Task goal ▸ Copy each line of the entries beneath that contains the word "before".

Dataset records ▸
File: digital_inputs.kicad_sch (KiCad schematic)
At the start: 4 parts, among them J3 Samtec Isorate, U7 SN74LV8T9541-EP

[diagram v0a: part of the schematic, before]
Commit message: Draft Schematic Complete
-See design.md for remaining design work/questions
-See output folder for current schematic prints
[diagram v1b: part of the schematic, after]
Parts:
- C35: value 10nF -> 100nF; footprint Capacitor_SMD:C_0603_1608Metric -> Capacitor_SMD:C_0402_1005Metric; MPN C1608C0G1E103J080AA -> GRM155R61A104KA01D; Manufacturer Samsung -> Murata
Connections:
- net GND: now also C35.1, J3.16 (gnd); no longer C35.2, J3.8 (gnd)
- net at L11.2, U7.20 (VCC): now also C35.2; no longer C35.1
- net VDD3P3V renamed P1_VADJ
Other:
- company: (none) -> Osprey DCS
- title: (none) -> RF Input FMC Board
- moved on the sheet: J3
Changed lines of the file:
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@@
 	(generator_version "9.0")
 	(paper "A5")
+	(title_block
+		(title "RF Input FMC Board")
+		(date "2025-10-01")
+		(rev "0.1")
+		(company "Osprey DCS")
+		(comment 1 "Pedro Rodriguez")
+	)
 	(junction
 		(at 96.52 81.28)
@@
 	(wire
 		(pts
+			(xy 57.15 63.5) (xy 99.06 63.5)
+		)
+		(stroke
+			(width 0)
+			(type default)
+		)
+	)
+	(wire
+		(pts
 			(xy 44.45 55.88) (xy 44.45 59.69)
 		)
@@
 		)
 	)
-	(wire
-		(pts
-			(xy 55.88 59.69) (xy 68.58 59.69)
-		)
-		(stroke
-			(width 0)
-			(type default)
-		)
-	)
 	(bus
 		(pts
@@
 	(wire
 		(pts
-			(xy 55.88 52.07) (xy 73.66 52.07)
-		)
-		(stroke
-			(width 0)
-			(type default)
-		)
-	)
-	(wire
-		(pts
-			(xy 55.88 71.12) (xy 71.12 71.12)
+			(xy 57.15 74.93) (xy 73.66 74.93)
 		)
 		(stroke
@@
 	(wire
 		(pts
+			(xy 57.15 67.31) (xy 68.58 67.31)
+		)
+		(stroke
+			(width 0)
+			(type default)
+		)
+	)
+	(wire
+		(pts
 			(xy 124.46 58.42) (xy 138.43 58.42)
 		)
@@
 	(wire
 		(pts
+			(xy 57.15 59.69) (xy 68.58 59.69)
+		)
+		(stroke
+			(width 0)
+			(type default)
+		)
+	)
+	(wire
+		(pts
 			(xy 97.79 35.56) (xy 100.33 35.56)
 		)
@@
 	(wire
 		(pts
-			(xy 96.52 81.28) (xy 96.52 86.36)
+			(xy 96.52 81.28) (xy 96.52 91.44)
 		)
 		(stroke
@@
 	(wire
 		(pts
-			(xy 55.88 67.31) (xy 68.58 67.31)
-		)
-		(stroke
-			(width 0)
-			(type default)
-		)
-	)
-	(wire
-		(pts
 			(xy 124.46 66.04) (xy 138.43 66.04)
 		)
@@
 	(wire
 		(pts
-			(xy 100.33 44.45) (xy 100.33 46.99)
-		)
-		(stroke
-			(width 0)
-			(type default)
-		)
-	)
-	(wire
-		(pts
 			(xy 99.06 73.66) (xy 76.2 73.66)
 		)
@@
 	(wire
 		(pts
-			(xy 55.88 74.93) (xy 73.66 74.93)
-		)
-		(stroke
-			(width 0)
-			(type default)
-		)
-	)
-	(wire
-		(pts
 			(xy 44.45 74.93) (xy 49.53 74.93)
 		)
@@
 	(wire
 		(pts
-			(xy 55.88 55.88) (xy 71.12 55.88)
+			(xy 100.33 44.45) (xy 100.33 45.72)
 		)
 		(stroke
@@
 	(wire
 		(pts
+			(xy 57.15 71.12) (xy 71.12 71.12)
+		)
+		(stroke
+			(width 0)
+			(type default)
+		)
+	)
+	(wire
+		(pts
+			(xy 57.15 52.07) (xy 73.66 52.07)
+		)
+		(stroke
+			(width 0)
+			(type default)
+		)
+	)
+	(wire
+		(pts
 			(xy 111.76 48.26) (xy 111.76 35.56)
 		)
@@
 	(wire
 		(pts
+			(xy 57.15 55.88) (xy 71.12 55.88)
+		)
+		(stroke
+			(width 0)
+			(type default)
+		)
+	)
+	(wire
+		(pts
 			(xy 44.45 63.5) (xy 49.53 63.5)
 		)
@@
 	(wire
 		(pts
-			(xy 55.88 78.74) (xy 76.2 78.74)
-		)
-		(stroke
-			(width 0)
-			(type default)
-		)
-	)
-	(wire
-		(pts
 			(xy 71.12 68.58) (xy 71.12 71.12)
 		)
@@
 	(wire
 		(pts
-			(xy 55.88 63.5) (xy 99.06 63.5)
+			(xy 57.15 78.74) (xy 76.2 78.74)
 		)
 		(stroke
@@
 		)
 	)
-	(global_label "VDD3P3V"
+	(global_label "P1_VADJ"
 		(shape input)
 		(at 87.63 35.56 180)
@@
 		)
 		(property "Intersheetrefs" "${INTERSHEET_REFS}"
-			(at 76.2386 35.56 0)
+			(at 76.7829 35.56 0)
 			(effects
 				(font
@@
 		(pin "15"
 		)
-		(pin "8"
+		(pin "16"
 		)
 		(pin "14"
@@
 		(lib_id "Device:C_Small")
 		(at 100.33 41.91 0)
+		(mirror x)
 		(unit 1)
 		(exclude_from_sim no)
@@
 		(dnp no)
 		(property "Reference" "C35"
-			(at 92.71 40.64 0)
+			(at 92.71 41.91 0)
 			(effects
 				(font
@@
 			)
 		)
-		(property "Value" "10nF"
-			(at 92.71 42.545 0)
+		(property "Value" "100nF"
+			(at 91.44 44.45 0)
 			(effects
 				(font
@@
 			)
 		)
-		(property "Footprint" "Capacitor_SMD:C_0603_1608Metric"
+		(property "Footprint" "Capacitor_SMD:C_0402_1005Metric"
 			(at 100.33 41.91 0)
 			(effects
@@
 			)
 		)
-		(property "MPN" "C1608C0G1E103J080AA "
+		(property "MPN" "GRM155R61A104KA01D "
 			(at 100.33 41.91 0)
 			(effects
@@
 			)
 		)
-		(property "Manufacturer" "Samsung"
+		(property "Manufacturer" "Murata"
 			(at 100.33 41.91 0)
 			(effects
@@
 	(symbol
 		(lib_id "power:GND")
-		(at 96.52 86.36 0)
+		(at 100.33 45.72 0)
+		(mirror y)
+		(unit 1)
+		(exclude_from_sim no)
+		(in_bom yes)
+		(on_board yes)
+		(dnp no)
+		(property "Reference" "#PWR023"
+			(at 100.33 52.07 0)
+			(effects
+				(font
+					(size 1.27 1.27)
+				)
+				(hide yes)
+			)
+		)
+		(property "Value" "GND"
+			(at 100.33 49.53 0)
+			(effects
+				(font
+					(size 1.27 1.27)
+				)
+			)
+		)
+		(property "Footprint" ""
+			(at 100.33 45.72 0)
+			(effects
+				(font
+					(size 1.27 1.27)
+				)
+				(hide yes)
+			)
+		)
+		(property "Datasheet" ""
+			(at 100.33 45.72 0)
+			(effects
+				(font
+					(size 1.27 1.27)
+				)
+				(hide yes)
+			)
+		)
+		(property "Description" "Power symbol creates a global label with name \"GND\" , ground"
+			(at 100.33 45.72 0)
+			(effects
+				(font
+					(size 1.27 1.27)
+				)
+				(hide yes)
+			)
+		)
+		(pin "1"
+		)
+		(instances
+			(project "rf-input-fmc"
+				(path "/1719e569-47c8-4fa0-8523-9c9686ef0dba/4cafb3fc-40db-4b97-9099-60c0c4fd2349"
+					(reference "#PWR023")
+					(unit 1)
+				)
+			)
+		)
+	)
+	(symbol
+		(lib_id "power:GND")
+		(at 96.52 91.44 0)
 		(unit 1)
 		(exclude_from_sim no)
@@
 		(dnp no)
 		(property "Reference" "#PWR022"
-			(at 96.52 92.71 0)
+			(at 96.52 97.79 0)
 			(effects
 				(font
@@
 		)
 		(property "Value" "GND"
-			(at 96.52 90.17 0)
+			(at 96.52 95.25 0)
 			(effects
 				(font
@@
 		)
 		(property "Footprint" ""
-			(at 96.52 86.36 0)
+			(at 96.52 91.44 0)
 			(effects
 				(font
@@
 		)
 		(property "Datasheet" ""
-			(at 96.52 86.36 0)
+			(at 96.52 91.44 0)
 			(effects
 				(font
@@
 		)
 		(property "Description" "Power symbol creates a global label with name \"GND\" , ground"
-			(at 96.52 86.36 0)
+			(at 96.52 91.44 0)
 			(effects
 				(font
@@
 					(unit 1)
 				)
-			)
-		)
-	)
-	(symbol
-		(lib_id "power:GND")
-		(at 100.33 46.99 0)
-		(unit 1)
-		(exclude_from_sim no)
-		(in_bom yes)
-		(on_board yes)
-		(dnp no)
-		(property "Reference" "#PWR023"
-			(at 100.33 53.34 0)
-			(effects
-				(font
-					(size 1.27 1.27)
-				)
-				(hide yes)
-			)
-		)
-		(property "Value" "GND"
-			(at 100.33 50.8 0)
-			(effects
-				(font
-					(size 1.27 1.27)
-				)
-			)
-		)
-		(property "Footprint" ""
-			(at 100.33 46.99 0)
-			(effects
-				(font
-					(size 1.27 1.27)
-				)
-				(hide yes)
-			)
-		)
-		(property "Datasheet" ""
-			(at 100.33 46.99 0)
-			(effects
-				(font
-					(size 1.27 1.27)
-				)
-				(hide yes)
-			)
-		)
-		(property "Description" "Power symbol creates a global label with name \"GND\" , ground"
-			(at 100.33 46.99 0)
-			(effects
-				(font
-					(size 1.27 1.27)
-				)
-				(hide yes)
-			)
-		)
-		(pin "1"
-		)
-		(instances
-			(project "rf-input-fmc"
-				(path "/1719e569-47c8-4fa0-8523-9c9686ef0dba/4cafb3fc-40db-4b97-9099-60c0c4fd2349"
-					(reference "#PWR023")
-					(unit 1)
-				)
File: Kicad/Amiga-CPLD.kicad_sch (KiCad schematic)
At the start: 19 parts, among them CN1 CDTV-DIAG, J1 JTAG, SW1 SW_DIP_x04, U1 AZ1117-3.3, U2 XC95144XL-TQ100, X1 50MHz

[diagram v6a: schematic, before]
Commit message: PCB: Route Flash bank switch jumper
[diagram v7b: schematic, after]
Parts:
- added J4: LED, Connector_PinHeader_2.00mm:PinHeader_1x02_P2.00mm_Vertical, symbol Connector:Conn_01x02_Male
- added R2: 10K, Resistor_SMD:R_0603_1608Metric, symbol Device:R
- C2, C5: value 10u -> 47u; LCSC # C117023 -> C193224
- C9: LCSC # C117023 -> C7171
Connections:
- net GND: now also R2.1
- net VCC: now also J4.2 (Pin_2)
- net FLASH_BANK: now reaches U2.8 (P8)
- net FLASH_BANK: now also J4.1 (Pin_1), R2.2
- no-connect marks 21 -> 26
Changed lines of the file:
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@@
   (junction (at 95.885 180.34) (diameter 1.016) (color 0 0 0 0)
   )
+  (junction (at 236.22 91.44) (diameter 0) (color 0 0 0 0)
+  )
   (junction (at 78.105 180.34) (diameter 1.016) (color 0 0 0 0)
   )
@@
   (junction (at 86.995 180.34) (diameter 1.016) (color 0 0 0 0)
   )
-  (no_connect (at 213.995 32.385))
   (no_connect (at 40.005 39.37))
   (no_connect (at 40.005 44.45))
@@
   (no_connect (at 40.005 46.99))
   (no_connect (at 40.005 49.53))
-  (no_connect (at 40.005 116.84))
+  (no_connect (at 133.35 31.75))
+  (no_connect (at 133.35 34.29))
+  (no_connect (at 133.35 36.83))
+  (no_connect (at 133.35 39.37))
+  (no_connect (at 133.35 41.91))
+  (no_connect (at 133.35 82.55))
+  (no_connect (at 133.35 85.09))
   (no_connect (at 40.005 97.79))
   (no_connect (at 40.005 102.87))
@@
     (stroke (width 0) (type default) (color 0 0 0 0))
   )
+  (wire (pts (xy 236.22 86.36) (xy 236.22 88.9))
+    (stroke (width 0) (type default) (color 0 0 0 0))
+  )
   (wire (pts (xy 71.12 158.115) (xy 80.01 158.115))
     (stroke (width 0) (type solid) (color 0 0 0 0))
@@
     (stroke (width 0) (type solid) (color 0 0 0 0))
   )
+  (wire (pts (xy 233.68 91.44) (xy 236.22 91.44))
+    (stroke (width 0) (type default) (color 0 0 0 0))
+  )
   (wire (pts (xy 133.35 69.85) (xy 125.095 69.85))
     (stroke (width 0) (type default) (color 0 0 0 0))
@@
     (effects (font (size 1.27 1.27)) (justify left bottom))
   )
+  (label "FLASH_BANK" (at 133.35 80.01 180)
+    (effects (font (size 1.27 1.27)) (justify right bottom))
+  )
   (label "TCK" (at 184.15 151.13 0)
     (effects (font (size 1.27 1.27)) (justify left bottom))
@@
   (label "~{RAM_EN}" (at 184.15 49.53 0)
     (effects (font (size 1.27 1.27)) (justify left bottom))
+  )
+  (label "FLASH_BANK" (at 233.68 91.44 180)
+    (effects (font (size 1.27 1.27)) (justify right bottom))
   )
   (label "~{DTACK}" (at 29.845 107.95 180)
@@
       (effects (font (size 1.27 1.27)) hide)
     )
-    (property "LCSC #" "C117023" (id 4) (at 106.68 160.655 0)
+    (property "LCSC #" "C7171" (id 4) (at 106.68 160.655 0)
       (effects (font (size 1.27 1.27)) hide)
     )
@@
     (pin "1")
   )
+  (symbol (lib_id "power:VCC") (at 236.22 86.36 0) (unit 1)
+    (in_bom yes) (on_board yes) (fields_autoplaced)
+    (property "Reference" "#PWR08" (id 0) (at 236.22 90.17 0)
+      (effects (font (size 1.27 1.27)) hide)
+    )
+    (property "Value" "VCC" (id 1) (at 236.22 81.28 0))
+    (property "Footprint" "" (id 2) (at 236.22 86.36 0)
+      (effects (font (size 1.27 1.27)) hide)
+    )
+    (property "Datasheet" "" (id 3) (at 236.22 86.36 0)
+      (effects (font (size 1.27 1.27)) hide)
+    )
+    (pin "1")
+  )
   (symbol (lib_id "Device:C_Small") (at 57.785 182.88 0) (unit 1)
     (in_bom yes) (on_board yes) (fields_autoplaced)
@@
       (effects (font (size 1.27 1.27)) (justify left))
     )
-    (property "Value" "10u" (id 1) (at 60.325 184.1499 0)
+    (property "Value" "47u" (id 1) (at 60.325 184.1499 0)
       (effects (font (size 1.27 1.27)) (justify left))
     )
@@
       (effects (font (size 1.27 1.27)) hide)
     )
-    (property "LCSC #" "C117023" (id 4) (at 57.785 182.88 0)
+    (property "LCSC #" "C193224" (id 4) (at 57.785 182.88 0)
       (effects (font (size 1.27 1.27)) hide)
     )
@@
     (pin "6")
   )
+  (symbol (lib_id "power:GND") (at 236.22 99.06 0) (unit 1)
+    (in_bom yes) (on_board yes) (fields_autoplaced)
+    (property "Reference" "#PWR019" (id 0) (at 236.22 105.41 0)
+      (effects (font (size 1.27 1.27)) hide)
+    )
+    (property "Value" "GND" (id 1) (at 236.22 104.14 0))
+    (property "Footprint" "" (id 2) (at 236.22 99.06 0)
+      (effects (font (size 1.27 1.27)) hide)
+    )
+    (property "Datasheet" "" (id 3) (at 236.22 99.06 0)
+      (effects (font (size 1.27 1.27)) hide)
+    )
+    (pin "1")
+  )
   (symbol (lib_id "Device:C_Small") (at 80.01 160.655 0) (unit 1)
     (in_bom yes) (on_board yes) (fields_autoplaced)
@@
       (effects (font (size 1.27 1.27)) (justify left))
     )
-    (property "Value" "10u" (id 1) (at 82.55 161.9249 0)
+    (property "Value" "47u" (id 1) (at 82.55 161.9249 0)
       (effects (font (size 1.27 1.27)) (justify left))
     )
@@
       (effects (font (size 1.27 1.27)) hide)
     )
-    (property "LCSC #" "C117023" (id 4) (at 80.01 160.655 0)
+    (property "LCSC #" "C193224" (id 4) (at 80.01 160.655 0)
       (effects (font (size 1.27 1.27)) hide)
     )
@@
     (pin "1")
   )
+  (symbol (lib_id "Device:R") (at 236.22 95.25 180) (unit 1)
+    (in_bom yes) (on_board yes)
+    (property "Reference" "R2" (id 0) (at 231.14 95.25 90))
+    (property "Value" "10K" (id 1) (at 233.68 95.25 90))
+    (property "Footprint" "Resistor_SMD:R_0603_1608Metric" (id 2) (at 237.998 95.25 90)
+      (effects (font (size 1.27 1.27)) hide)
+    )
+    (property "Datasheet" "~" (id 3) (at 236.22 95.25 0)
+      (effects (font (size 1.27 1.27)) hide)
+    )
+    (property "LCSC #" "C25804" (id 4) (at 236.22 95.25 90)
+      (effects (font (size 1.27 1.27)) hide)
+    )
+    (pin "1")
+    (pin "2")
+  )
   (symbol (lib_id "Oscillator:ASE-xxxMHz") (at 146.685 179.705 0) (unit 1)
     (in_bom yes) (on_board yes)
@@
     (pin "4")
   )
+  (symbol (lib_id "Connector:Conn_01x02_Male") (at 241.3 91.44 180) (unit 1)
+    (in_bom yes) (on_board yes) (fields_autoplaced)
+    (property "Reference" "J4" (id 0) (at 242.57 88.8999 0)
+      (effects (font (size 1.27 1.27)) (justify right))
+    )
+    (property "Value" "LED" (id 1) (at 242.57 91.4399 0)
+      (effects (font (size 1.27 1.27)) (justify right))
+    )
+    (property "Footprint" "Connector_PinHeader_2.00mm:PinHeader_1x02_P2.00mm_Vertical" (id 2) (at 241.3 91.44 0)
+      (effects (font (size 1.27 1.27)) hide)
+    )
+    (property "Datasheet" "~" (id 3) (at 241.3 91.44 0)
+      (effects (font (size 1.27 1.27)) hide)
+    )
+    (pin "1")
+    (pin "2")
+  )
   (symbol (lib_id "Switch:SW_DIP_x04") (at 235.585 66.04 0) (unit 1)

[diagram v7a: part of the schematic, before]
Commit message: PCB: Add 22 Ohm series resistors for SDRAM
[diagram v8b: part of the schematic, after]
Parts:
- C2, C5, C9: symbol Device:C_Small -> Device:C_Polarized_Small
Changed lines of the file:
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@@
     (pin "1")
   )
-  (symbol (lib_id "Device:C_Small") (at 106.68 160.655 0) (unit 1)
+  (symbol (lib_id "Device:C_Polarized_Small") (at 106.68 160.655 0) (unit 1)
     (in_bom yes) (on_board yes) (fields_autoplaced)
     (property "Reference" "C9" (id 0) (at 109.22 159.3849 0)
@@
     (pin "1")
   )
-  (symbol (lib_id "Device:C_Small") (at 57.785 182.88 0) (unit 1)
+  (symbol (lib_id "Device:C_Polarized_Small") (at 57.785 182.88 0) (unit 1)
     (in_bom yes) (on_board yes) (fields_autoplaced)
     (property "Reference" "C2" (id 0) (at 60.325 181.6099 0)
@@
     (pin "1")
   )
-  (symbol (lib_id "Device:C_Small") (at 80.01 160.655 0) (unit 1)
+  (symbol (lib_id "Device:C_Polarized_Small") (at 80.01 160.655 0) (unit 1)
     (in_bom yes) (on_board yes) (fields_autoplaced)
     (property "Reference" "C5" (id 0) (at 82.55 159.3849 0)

Solution ▸
[diagram v0a: part of the schematic, before]
[diagram v6a: schematic, before]
[diagram v7a: part of the schematic, before]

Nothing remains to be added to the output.